*** Dataset entries

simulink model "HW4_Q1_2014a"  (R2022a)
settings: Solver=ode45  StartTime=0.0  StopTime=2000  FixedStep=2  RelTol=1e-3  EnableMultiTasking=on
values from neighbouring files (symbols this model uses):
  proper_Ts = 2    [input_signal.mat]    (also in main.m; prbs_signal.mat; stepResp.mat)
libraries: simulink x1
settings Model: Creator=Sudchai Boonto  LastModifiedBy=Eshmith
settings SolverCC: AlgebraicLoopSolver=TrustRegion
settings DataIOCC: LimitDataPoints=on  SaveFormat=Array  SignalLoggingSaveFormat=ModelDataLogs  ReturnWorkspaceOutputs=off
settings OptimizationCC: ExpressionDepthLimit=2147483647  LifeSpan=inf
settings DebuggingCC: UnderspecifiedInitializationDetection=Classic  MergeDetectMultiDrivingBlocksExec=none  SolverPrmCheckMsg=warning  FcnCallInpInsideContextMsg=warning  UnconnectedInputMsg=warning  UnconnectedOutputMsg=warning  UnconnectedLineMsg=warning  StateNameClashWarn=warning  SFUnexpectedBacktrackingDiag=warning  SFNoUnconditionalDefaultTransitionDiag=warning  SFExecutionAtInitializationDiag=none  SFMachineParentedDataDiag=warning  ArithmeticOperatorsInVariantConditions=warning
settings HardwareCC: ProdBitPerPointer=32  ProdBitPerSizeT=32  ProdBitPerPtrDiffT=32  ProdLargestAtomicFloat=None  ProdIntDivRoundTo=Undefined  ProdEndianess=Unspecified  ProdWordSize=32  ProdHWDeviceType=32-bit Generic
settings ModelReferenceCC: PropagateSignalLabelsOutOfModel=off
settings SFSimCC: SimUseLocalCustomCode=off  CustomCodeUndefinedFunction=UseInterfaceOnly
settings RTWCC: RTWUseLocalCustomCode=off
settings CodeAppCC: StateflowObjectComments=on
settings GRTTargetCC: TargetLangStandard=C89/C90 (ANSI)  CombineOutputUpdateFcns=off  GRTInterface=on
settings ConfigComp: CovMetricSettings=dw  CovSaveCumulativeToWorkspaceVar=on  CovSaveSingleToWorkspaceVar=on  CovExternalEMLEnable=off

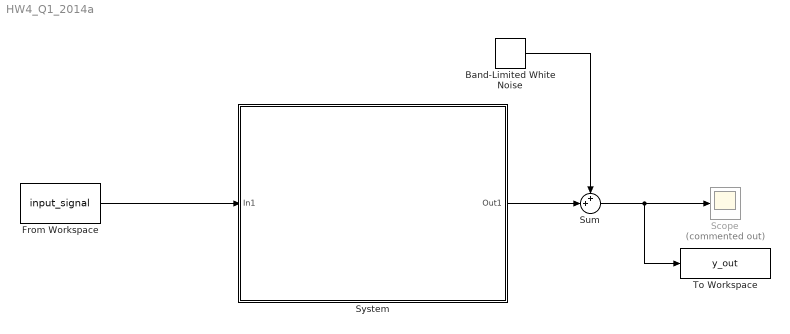
== system HW4_Q1_2014a ==
  Band-Limited White Noise : simulink/Sources/Band-Limited White Noise  Cov=[0.01]  Ts=2  seed=[23341]
  From Workspace : FromWorkspace  VariableName=input_signal  SampleTime=2
  Scope : Scope  Commented=on
  Sum : Sum  Inputs=++|
  System : Subsystem  mask(Rotary Dryer){}
      mask help: This is a rotary dryer for sugar beets. The input to the process is the amount of fuel supplied m_dot and the output is the amount of dry matter phi_DM.
      mask Display: image(imread('dryer.jpg'))
  To Workspace : ToWorkspace  VariableName=y_out  SaveFormat=Timeseries  SampleTime=proper_Ts
  wires:
  System/1(Out1) -> Sum/2
  Band-Limited White Noise/1 -> Sum/1
  From Workspace/1 -> System/1(In1)
  Sum/1 -> To Workspace/1, Scope/1

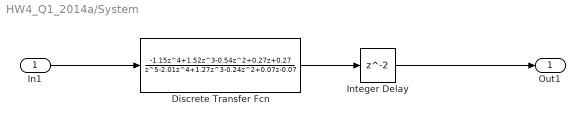
== system HW4_Q1_2014a/System ==
  In1 : Inport
  Discrete Transfer Fcn : DiscreteTransferFcn  Numerator=[-1.15 1.52 -0.54 0.27 0.27]  Denominator="[1  -2.01 1.27 -0.24 0.07 -0.07]"  SampleTime=2
  Integer Delay : Delay
  Out1 : Outport
  wires:
  In1/1 -> Discrete Transfer Fcn/1
  Discrete Transfer Fcn/1 -> Integer Delay/1
  Integer Delay/1 -> Out1/1

******

[Exercise aim] Each line from the one containing "From Workspace/1 -> System/1(In1)" down to the final line of the records above must be reproduced exactly; no pictures go into the copy.

[Solution for this task]
  From Workspace/1 -> System/1(In1)
  Sum/1 -> To Workspace/1, Scope/1

== system HW4_Q1_2014a/System ==
  In1 : Inport
  Discrete Transfer Fcn : DiscreteTransferFcn  Numerator=[-1.15 1.52 -0.54 0.27 0.27]  Denominator="[1  -2.01 1.27 -0.24 0.07 -0.07]"  SampleTime=2
  Integer Delay : Delay
  Out1 : Outport
  wires:
  In1/1 -> Discrete Transfer Fcn/1
  Discrete Transfer Fcn/1 -> Integer Delay/1
  Integer Delay/1 -> Out1/1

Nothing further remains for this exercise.